The fragmentation of symptoms is a primary reason menopause remains invisible in health claims data, utilization dashboards, and exit interviews. Rather than showing up as a plethora of symptoms resulting from hormonal fluctuations, it shows up as burnout, turnover, and disengagement, and no one is there to connect the dots.
If you had looked for me in my employer’s data when “the change” began, you would have found me coded for new onset social anxiety, in orthopedic claims for plantar fasciitis, as a musculoskeletal visit, a diagnosis of situational depression, and finally, before the telltale hot flashes and night sweats started, a neurology concern around early-onset dementia. Not a trace of perimenopause in sight, right?!
I may not sound like a lucky woman from the description above, but I was super fortunate when it came to getting diagnosed. I mean it was a unicorn like rarity, in that my primary care physician diagnosed me with perimenopause at only my third complaint. I will note that I pay out of pocket for a concierge physician which is likely why I had such an atypical result. After treatment with hormonal and non-hormonal therapies, I was back in action and the majority of my challenges disappeared. Most women are not this fortunate. Many never get diagnosed at all.

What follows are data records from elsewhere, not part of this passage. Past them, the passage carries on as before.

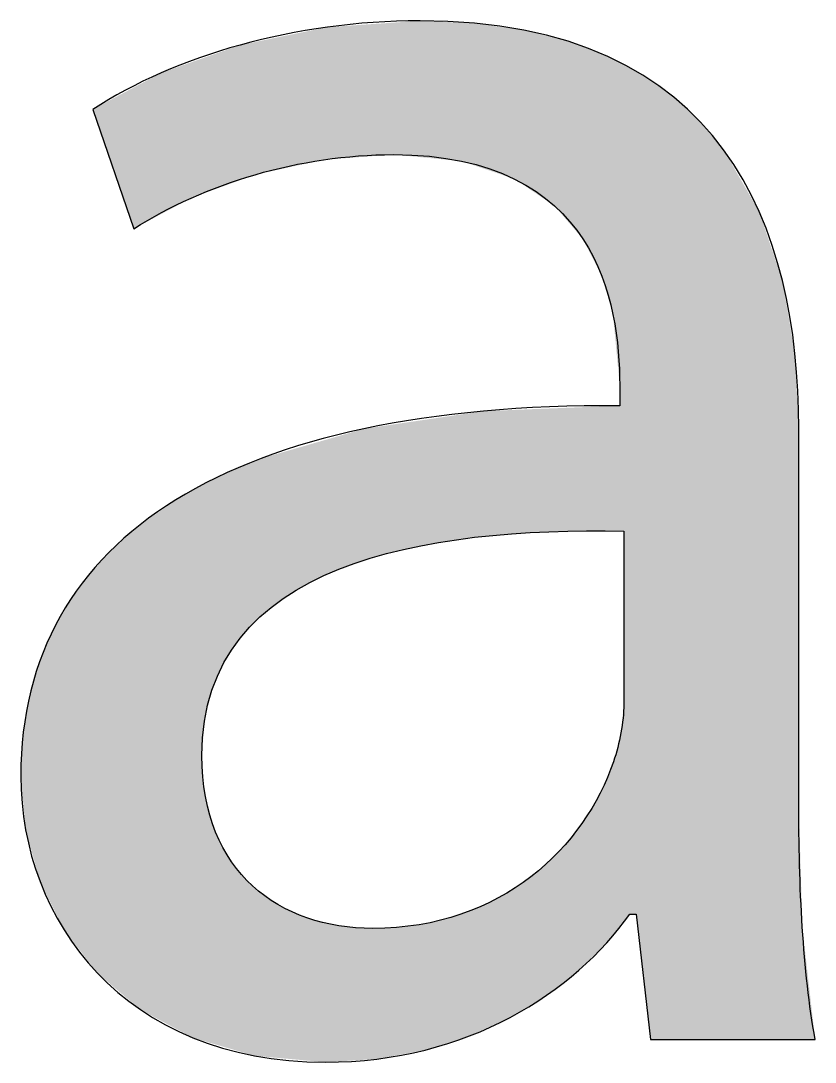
# Model space of a CAD drawing. Extents: x -102 to 434, y -1398 to -13.
# Drawn here: x -78.37 to -74.12, y -172.08 to -166.51 of the extents above; entities that cross this region are included whole.
import ezdxf

# ---------------------------------------------------------------- set-up
doc = ezdxf.new("R2010")
doc.units = 0
doc.layers.add('LAYER_1', color=7, linetype='CONTINUOUS')

# ---------------------------------------------------------------- blocks, each defined once
blk = doc.blocks.new('*U25')
at = {"layer": 'LAYER_1', "color": 250}
for points in [[(-76.7481, -167.2557), (-76.8221, -166.5662), (-76.7481, -166.5511)], [(-76.7383, -167.255), (-76.7481, -166.5511), (-76.7383, -166.5491)], [(-76.7267, -167.2541), (-76.7383, -166.5491), (-76.7267, -166.5467)], [(-76.6667, -167.2496), (-76.7267, -166.5467), (-76.6667, -166.5426)], [(-76.6666, -167.2496), (-76.6667, -166.5426), (-76.6666, -166.5426)], [(-76.5332, -167.2397), (-76.6666, -166.5426), (-76.5332, -166.5335)], [(-76.499, -167.2371), (-76.5332, -166.5335), (-76.499, -166.5312)], [(-76.4853, -167.2361), (-76.499, -166.5312), (-76.4853, -166.5302)], [(-76.4626, -167.2344), (-76.4853, -166.5302), (-76.4626, -166.5287)], [(-76.3754, -167.2279), (-76.4626, -166.5287), (-76.3754, -166.5228)], [(-76.3583, -167.2295), (-76.3754, -166.5228), (-76.3583, -166.5216)], [(-76.3754, -167.2279), (-76.3754, -166.5228), (-76.3583, -167.2295)], [(-76.3208, -167.2331), (-76.3583, -166.5216), (-76.3208, -166.519)], [(-76.3583, -167.2295), (-76.3583, -166.5216), (-76.3208, -167.2331)], [(-76.2374, -167.2411), (-76.3208, -166.519), (-76.2374, -166.5133)], [(-76.3208, -167.2331), (-76.3208, -166.519), (-76.2374, -167.2411)], [(-76.2324, -167.2415), (-76.2374, -166.5133), (-76.2324, -166.513)], [(-76.2374, -167.2411), (-76.2374, -166.5133), (-76.2324, -167.2415)], [(-76.2324, -167.2415), (-76.2324, -166.513), (-76.2055, -167.2441)], [(-76.2055, -167.2441), (-76.2055, -166.5142), (-76.1343, -167.2509)], [(-76.1343, -167.2509), (-76.1343, -166.5173), (-76.1224, -167.2521)], [(-76.1224, -167.2521), (-76.1224, -166.5178), (-76.0136, -167.2625)], [(-76.0136, -167.2625), (-76.0136, -166.5226), (-76.0108, -167.2627)], [(-76.0108, -167.2627), (-76.0108, -166.5227), (-75.968, -167.2772)], [(-75.968, -167.2772), (-75.968, -166.5246), (-75.9414, -167.2861)], [(-75.9414, -167.2861), (-75.9414, -166.5257), (-75.9412, -167.2862)], [(-75.9412, -167.2862), (-75.9412, -166.5258), (-75.9108, -167.2965)], [(-75.9108, -167.2965), (-75.9108, -166.5301), (-75.8936, -167.3023)], [(-75.8936, -167.3023), (-75.8936, -166.5325), (-75.8143, -167.329)], [(-75.8143, -167.329), (-75.8143, -166.5436), (-75.7512, -167.3503)], [(-76.9915, -167.3086), (-77.062, -166.6154), (-76.9915, -166.601)], [(-76.9631, -167.3024), (-76.9915, -166.601), (-76.9631, -166.5951)], [(-76.8367, -167.275), (-76.9631, -166.5951), (-76.8367, -166.5692)], [(-76.8221, -167.2718), (-76.8367, -166.5692), (-76.8221, -166.5662)], [(-75.7512, -167.3503), (-75.7512, -166.5525), (-75.727, -167.3585)], [(-75.727, -167.3585), (-75.727, -166.5559), (-75.6781, -167.3913)], [(-75.6781, -167.3913), (-75.6781, -166.5628), (-75.6398, -167.4171)], [(-75.6398, -167.4171), (-75.6398, -166.5725), (-75.556, -167.4735)], [(-75.556, -167.4735), (-75.556, -166.5936), (-75.5435, -167.4818)], [(-75.5435, -167.4818), (-75.5435, -166.5968), (-75.5141, -167.5016)], [(-75.5141, -167.5016), (-75.5141, -166.6042), (-75.4906, -167.529)], [(-77.2397, -167.3811), (-77.2804, -166.673), (-77.2397, -166.6587)], [(-77.1942, -167.3645), (-77.2397, -166.6587), (-77.1942, -166.6426)], [(-77.1932, -167.3641), (-77.1942, -166.6426), (-77.1932, -166.6423)], [(-77.1866, -167.3617), (-77.1932, -166.6423), (-77.1866, -166.6409)], [(-77.1272, -167.3401), (-77.1866, -166.6409), (-77.1272, -166.6288)], [(-77.1176, -167.3366), (-77.1272, -166.6288), (-77.1176, -166.6268)], [(-77.1135, -167.3351), (-77.1176, -166.6268), (-77.1135, -166.626)], [(-77.0878, -167.3295), (-77.1135, -166.626), (-77.0878, -166.6207)], [(-77.0819, -167.3282), (-77.0878, -166.6207), (-77.0819, -166.6195)], [(-77.062, -167.3239), (-77.0819, -166.6195), (-77.062, -166.6154)], [(-75.4906, -167.529), (-75.4906, -166.6101), (-75.4412, -167.5866)], [(-75.4412, -167.5866), (-75.4412, -166.6226), (-75.3835, -167.654)], [(-75.3835, -167.654), (-75.3835, -166.6446), (-75.3671, -167.673)], [(-75.3671, -167.673), (-75.3671, -166.6508), (-75.3622, -167.6788)], [(-75.3622, -167.6788), (-75.3622, -166.6527), (-75.2696, -167.8603)], [(-77.398, -167.4387), (-77.4472, -166.7318), (-77.398, -166.7145)], [(-77.3932, -167.4369), (-77.398, -166.7145), (-77.3932, -166.7128)], [(-77.3843, -167.4337), (-77.3932, -166.7128), (-77.3843, -166.7096)], [(-77.3791, -167.4318), (-77.3843, -166.7096), (-77.3791, -166.7078)], [(-77.3562, -167.4235), (-77.3791, -166.7078), (-77.3562, -166.6997)], [(-77.3445, -167.4192), (-77.3562, -166.6997), (-77.3445, -166.6956)], [(-77.325, -167.4121), (-77.3445, -166.6956), (-77.325, -166.6887)], [(-77.3213, -167.4107), (-77.325, -166.6887), (-77.3213, -166.6874)], [(-77.286, -167.3979), (-77.3213, -166.6874), (-77.286, -166.675)], [(-77.2804, -167.3959), (-77.286, -166.675), (-77.2804, -166.673)], [(-75.2696, -167.8603), (-75.2696, -166.688), (-75.2613, -167.8766)], [(-75.2613, -167.8766), (-75.2613, -166.6911), (-75.2347, -167.9678)], [(-75.2347, -167.9678), (-75.2347, -166.7013), (-75.2296, -167.9854)], [(-75.2296, -167.9854), (-75.2296, -166.7032), (-75.2015, -168.0816)], [(-77.5369, -167.5033), (-77.6165, -166.7915), (-77.5369, -166.7634)], [(-77.4563, -167.4599), (-77.5369, -166.7634), (-77.4563, -166.735)], [(-77.4472, -167.4566), (-77.4563, -166.735), (-77.4472, -166.7318)], [(-75.2015, -168.0816), (-75.2015, -166.7182), (-75.1985, -168.1132)], [(-75.1985, -168.1132), (-75.1985, -166.7198), (-75.1656, -168.4597)], [(-77.6165, -167.5461), (-77.7268, -166.8504), (-77.6165, -166.7915)], [(-75.0776, -171.286), (-75.0776, -166.7842), (-75.0418, -171.5974)], [(-75.0418, -171.5974), (-75.0418, -166.8032), (-75.0006, -171.9568)], [(-77.761, -167.6239), (-77.8955, -166.9404), (-77.761, -166.8686)], [(-77.7284, -167.6063), (-77.761, -166.8686), (-77.7284, -166.8512)], [(-77.7268, -167.6055), (-77.7284, -166.8512), (-77.7268, -166.8504)], [(-77.8955, -167.2339), (-77.9561, -166.9728), (-77.8955, -166.9404)], [(-77.8955, -167.2339), (-77.8955, -166.9404), (-77.761, -167.6239)], [(-77.9561, -167.0579), (-77.9809, -166.986), (-77.9561, -166.9728)], [(-77.9561, -167.0579), (-77.9561, -166.9728), (-77.8955, -167.2339)], [(-75.968, -169.2769), (-76.0108, -168.616), (-75.968, -168.6097)], [(-75.9414, -169.2731), (-75.968, -168.6097), (-75.9414, -168.6058)], [(-75.9412, -169.2731), (-75.9414, -168.6058), (-75.9412, -168.6057)], [(-75.9108, -169.2708), (-75.9412, -168.6057), (-75.9108, -168.6012)], [(-75.8936, -169.2695), (-75.9108, -168.6012), (-75.8936, -168.5987)], [(-75.8143, -169.2636), (-75.8936, -168.5987), (-75.8143, -168.5955)], [(-75.7512, -169.2588), (-75.8143, -168.5955), (-75.7512, -168.593)], [(-75.727, -169.257), (-75.7512, -168.593), (-75.727, -168.592)], [(-75.6781, -169.2534), (-75.727, -168.592), (-75.6781, -168.5901)], [(-75.6398, -169.2505), (-75.6781, -168.5901), (-75.6398, -168.5885)], [(-75.556, -169.2442), (-75.6398, -168.5885), (-75.556, -168.5852)], [(-75.5435, -169.2433), (-75.556, -168.5852), (-75.5435, -168.5847)], [(-75.5141, -169.2431), (-75.5435, -168.5847), (-75.5141, -168.5835)], [(-75.4906, -169.2429), (-75.5141, -168.5835), (-75.4906, -168.5826)], [(-75.4412, -169.2426), (-75.4906, -168.5826), (-75.4412, -168.5806)], [(-75.3835, -169.2422), (-75.4412, -168.5806), (-75.3835, -168.5783)], [(-75.3671, -169.242), (-75.3835, -168.5783), (-75.3671, -168.5776)], [(-75.3622, -169.242), (-75.3671, -168.5776), (-75.3622, -168.5774)], [(-75.2696, -169.2414), (-75.3622, -168.5774), (-75.2696, -168.5737)], [(-75.2613, -169.2413), (-75.2696, -168.5737), (-75.2613, -168.5734)], [(-75.2347, -169.2411), (-75.2613, -168.5734), (-75.2347, -168.5723)], [(-75.2296, -169.2411), (-75.2347, -168.5723), (-75.2296, -168.5721)], [(-75.2015, -169.2409), (-75.2296, -168.5721), (-75.2015, -168.571)], [(-75.1985, -169.2409), (-75.2015, -168.571), (-75.1985, -168.5709)], [(-75.1656, -169.2406), (-75.1985, -168.5709), (-75.1656, -168.5696)], [(-76.3208, -169.3375), (-76.3583, -168.6674), (-76.3208, -168.6619)], [(-76.2374, -169.3209), (-76.3208, -168.6619), (-76.2374, -168.6495)], [(-76.2324, -169.3199), (-76.2374, -168.6495), (-76.2324, -168.6488)], [(-76.2055, -169.3146), (-76.2324, -168.6488), (-76.2055, -168.6448)], [(-76.1343, -169.3005), (-76.2055, -168.6448), (-76.1343, -168.6343)], [(-76.1224, -169.2988), (-76.1343, -168.6343), (-76.1224, -168.6325)], [(-76.0136, -169.2834), (-76.1224, -168.6325), (-76.0136, -168.6164)], [(-76.0108, -169.283), (-76.0136, -168.6164), (-76.0108, -168.616)], [(-76.5332, -169.397), (-76.6666, -168.7318), (-76.5332, -168.6933)], [(-76.499, -169.385), (-76.5332, -168.6933), (-76.499, -168.6882)], [(-76.4853, -169.3813), (-76.499, -168.6882), (-76.4853, -168.6862)], [(-76.4626, -169.3753), (-76.4853, -168.6862), (-76.4626, -168.6828)], [(-76.3754, -169.352), (-76.4626, -168.6828), (-76.3754, -168.6699)], [(-76.3583, -169.3475), (-76.3754, -168.6699), (-76.3583, -168.6674)], [(-76.8221, -169.5152), (-76.8367, -168.7809), (-76.8221, -168.7767)], [(-76.7481, -169.4812), (-76.8221, -168.7767), (-76.7481, -168.7553)], [(-76.7383, -169.4767), (-76.7481, -168.7553), (-76.7383, -168.7525)], [(-76.7267, -169.4714), (-76.7383, -168.7525), (-76.7267, -168.7492)], [(-76.6667, -169.4439), (-76.7267, -168.7492), (-76.6667, -168.7318)], [(-76.6666, -169.4438), (-76.6667, -168.7318), (-76.6666, -168.7318)], [(-76.9915, -169.6223), (-77.062, -168.846), (-76.9915, -168.8257)], [(-76.9631, -169.5998), (-76.9915, -168.8257), (-76.9631, -168.8174)], [(-76.8367, -169.5239), (-76.9631, -168.8174), (-76.8367, -168.7809)], [(-77.1272, -169.7409), (-77.1866, -168.8967), (-77.1272, -168.8712)], [(-77.1176, -169.7306), (-77.1272, -168.8712), (-77.1176, -168.8671)], [(-77.1135, -169.7262), (-77.1176, -168.8671), (-77.1135, -168.8653)], [(-77.0878, -169.6986), (-77.1135, -168.8653), (-77.0878, -168.8543)], [(-77.0819, -169.694), (-77.0878, -168.8543), (-77.0819, -168.8518)], [(-77.062, -169.6782), (-77.0819, -168.8518), (-77.062, -168.846)], [(-77.286, -169.9556), (-77.3213, -168.9545), (-77.286, -168.9394)], [(-77.2804, -169.9428), (-77.286, -168.9394), (-77.2804, -168.937)], [(-77.2397, -169.8813), (-77.2804, -168.937), (-77.2397, -168.9195)], [(-77.1942, -169.8126), (-77.2397, -168.9195), (-77.1942, -168.9)], [(-77.1932, -169.8116), (-77.1942, -168.9), (-77.1932, -168.8996)], [(-77.1866, -169.8045), (-77.1932, -168.8996), (-77.1866, -168.8967)], [(-77.398, -171.9615), (-77.4472, -169.0235), (-77.398, -168.9966)], [(-77.3932, -170.3746), (-77.398, -168.9966), (-77.3932, -168.9939)], [(-77.3843, -170.2551), (-77.3932, -168.9939), (-77.3843, -168.9891)], [(-77.3791, -170.2336), (-77.3843, -168.9891), (-77.3791, -168.9862)], [(-77.3562, -170.1386), (-77.3791, -168.9862), (-77.3562, -168.9737)], [(-77.3445, -170.09), (-77.3562, -168.9737), (-77.3445, -168.9672)], [(-77.325, -170.0452), (-77.3445, -168.9672), (-77.325, -168.9566)], [(-77.3213, -170.0367), (-77.325, -168.9566), (-77.3213, -168.9545)], [(-77.4563, -171.9422), (-77.5369, -169.0727), (-77.4563, -169.0285)], [(-77.4472, -171.9471), (-77.4563, -169.0285), (-77.4472, -169.0235)], [(-77.4563, -171.9422), (-77.4563, -169.0285), (-77.4472, -171.9471)], [(-77.4472, -171.9471), (-77.4472, -169.0235), (-77.398, -171.9615)], [(-77.5369, -171.899), (-77.6165, -169.1281), (-77.5369, -169.0727)], [(-77.5369, -171.899), (-77.5369, -169.0727), (-77.4563, -171.9422)], [(-77.6165, -171.8563), (-77.7268, -169.2049), (-77.6165, -169.1281)], [(-77.6165, -171.8563), (-77.6165, -169.1281), (-77.5369, -171.899)], [(-77.7284, -171.7957), (-77.761, -169.235), (-77.7284, -169.206)], [(-77.7268, -171.797), (-77.7284, -169.206), (-77.7268, -169.2049)], [(-77.7284, -171.7957), (-77.7284, -169.206), (-77.7268, -171.797)], [(-77.7268, -171.797), (-77.7268, -169.2049), (-77.6165, -171.8563)], [(-77.761, -171.768), (-77.8955, -169.3544), (-77.761, -169.235)], [(-77.761, -171.768), (-77.761, -169.235), (-77.7284, -171.7957)], [(-77.8955, -171.6537), (-77.9561, -169.424), (-77.8955, -169.3544)], [(-77.8955, -171.6537), (-77.8955, -169.3544), (-77.761, -171.768)], [(-77.9561, -171.6021), (-77.9809, -169.4524), (-77.9561, -169.424)], [(-77.9561, -171.6021), (-77.9561, -169.424), (-77.8955, -171.6537)], [(-77.9809, -171.57), (-78.0378, -169.5176), (-77.9809, -169.4524)], [(-77.9809, -171.57), (-77.9809, -169.4524), (-77.9561, -171.6021)], [(-78.0378, -171.4966), (-78.135, -169.6651), (-78.0378, -169.5176)], [(-78.0378, -171.4966), (-78.0378, -169.5176), (-77.9809, -171.57)], [(-78.135, -171.3711), (-78.1549, -169.6954), (-78.135, -169.6651)], [(-78.135, -171.3711), (-78.135, -169.6651), (-78.0378, -171.4966)], [(-78.1549, -171.3307), (-78.2467, -169.8877), (-78.1549, -169.6954)], [(-78.1549, -171.3307), (-78.1549, -169.6954), (-78.135, -171.3711)], [(-78.2467, -171.1457), (-78.263, -169.9388), (-78.2467, -169.8877)], [(-78.2467, -171.1457), (-78.2467, -169.8877), (-78.1549, -171.3307)], [(-78.263, -171.1127), (-78.3126, -170.0942), (-78.263, -169.9388)], [(-78.263, -171.1127), (-78.263, -169.9388), (-78.2467, -171.1457)], [(-78.3126, -170.9344), (-78.34, -170.2461), (-78.3126, -170.0942)], [(-78.3126, -170.9344), (-78.3126, -170.0942), (-78.263, -171.1127)], [(-75.1436, -171.3269), (-75.1587, -170.3182), (-75.1436, -170.1641)], [(-78.34, -170.8358), (-78.3524, -170.3147), (-78.34, -170.2461)], [(-78.34, -170.8358), (-78.34, -170.2461), (-78.3126, -170.9344)], [(-78.3524, -170.6978), (-78.3658, -170.5491), (-78.3524, -170.3147)], [(-78.3524, -170.6978), (-78.3524, -170.3147), (-78.34, -170.8358)], [(-75.1587, -171.3457), (-75.1656, -170.3449), (-75.1587, -170.3182)], [(-75.1656, -171.3542), (-75.1985, -170.4721), (-75.1656, -170.3449)], [(-77.398, -171.9615), (-77.398, -170.4392), (-77.3932, -171.9629)], [(-75.2015, -171.3988), (-75.2296, -170.5454), (-75.2015, -170.4792)], [(-75.1985, -171.3951), (-75.2015, -170.4792), (-75.1985, -170.4721)], [(-77.3932, -171.9629), (-77.3932, -170.5529), (-77.3843, -171.9655)], [(-75.2347, -171.44), (-75.2613, -170.6203), (-75.2347, -170.5575)], [(-75.2296, -171.4336), (-75.2347, -170.5575), (-75.2296, -170.5454)], [(-77.3843, -171.9655), (-77.3843, -170.6198), (-77.3791, -171.967)], [(-77.3791, -171.967), (-77.3791, -170.6589), (-77.3562, -171.9737)], [(-75.2696, -171.4743), (-75.3622, -170.7934), (-75.2696, -170.6399)], [(-75.2613, -171.4661), (-75.2696, -170.6399), (-75.2613, -170.6203)], [(-77.3562, -171.9737), (-77.3562, -170.7572), (-77.3445, -171.9772)], [(-77.3445, -171.9772), (-77.3445, -170.7914), (-77.325, -171.9829)], [(-75.3835, -171.586), (-75.4412, -170.8919), (-75.3835, -170.8215)], [(-75.3671, -171.57), (-75.3835, -170.8215), (-75.3671, -170.8015)], [(-75.3622, -171.5651), (-75.3671, -170.8015), (-75.3622, -170.7934)], [(-77.325, -171.9829), (-77.325, -170.848), (-77.3213, -171.984)], [(-77.3213, -171.984), (-77.3213, -170.8559), (-77.286, -171.9943)], [(-77.286, -171.9943), (-77.286, -170.9312), (-77.2804, -171.9959)], [(-77.2804, -171.9959), (-77.2804, -170.9403), (-77.2397, -172.0078)], [(-75.4412, -171.6309), (-75.4906, -170.9521), (-75.4412, -170.8919)], [(-75.5435, -171.7105), (-75.556, -171.011), (-75.5435, -170.9998)], [(-75.5141, -171.6876), (-75.5435, -170.9998), (-75.5141, -170.9733)], [(-75.4906, -171.6694), (-75.5141, -170.9733), (-75.4906, -170.9521)], [(-77.2397, -172.0078), (-77.2397, -171.0069), (-77.1942, -172.0212)], [(-75.556, -171.7201), (-75.6398, -171.0866), (-75.556, -171.011)], [(-77.1942, -172.0212), (-77.1942, -171.0654), (-77.1932, -172.0215)], [(-77.1932, -172.0215), (-77.1932, -171.0667), (-77.1866, -172.0234)], [(-77.1866, -172.0234), (-77.1866, -171.0752), (-77.1272, -172.0408)], [(-75.6781, -171.7943), (-75.727, -171.1432), (-75.6781, -171.1115)], [(-75.6398, -171.771), (-75.6781, -171.1115), (-75.6398, -171.0866)], [(-77.1272, -172.0408), (-77.1272, -171.1361), (-77.1176, -172.0436)], [(-77.1176, -172.0436), (-77.1176, -171.144), (-77.1135, -172.044)], [(-77.1135, -172.044), (-77.1135, -171.1474), (-77.0878, -172.0463)], [(-77.0878, -172.0463), (-77.0878, -171.1685), (-77.0819, -172.0468)], [(-75.7512, -171.8386), (-75.8143, -171.1999), (-75.7512, -171.1589)], [(-75.727, -171.8239), (-75.7512, -171.1589), (-75.727, -171.1432)], [(-77.0819, -172.0468), (-77.0819, -171.1733), (-77.062, -172.0486)], [(-77.062, -172.0486), (-77.062, -171.1896), (-76.9915, -172.0549)], [(-75.8143, -171.8673), (-75.8936, -171.2386), (-75.8143, -171.1999)], [(-76.9915, -172.0549), (-76.9915, -171.2359), (-76.9631, -172.0575)], [(-76.9631, -172.0575), (-76.9631, -171.2489), (-76.8367, -172.0689)], [(-75.968, -171.9374), (-76.0108, -171.286), (-75.968, -171.2693)], [(-75.9414, -171.9253), (-75.968, -171.2693), (-75.9414, -171.259)], [(-75.9412, -171.9252), (-75.9414, -171.259), (-75.9412, -171.2589)], [(-75.9108, -171.9113), (-75.9412, -171.2589), (-75.9108, -171.2471)], [(-75.8936, -171.9035), (-75.9108, -171.2471), (-75.8936, -171.2386)], [(-76.8367, -172.0689), (-76.8367, -171.3067), (-76.8221, -172.0702)], [(-76.8221, -172.0702), (-76.8221, -171.3103), (-76.7481, -172.0768)], [(-76.7481, -172.0768), (-76.7481, -171.3286), (-76.7383, -172.0777)], [(-76.2055, -172.0128), (-76.2324, -171.342), (-76.2055, -171.3365)], [(-76.1343, -171.9901), (-76.2055, -171.3365), (-76.1343, -171.3217)], [(-76.1224, -171.9864), (-76.1343, -171.3217), (-76.1224, -171.3193)], [(-76.0136, -171.9518), (-76.1224, -171.3193), (-76.0136, -171.2871)], [(-76.0108, -171.9509), (-76.0136, -171.2871), (-76.0108, -171.286)], [(-76.4626, -172.0608), (-76.4853, -171.3628), (-76.4626, -171.3619)], [(-76.3754, -172.0445), (-76.4626, -171.3619), (-76.3754, -171.3585)], [(-76.3583, -172.0413), (-76.3754, -171.3585), (-76.3583, -171.3578)], [(-76.3208, -172.0343), (-76.3583, -171.3578), (-76.3208, -171.3532)], [(-76.2374, -172.0187), (-76.3208, -171.3532), (-76.2374, -171.3431)], [(-76.2324, -172.0178), (-76.2374, -171.3431), (-76.2324, -171.342)]]:
    blk.add_solid(points, dxfattribs=at)
at = {"layer": 'LAYER_1', "color": 250, "extrusion": (0, 0, -1)}
for points in [[(76.7481, -167.2557), (76.7481, -166.5511), (76.7383, -167.255)], [(76.7383, -167.255), (76.7383, -166.5491), (76.7267, -167.2541)], [(76.7267, -167.2541), (76.7267, -166.5467), (76.6667, -167.2496)], [(76.6667, -167.2496), (76.6667, -166.5426), (76.6666, -167.2496)], [(76.6666, -167.2496), (76.6666, -166.5426), (76.5332, -167.2397)], [(76.5332, -167.2397), (76.5332, -166.5335), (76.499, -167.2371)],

This gaping disparity in care for women is unacceptable, and gets me out of bed even on the most rage-filled of mornings.
And here is where I really get fired up. When women don’t get appropriate diagnoses and care during the menopausal transition they quietly exit the workplace, leave their partnerships, and sometimes blow up their entire lives. Most of which is entirely preventable.
Celebrities from Naomi Watts to Oprah have been shouting about menopause from the rooftops. Vendors and marketers have jumped on the menopause bandwagon and are offering products, classes, coaching, and trainings. Everywhere we look it seems like someone new is talking about our uterus and ovaries, and we are being told that empowered women talk about menopause loudly and proudly from the bedroom to the boardroom, wherever they and their parts take them. And yet the data tells a different story. Bonafide Health’s 2025 State of Menopause report found that 48% of women aged 40 to 49 now report menopause symptoms negatively impacting their career ambition, up from 42% in 2024. Fifty-nine percent of women in that same age range had never even heard of perimenopause until they were already experiencing it.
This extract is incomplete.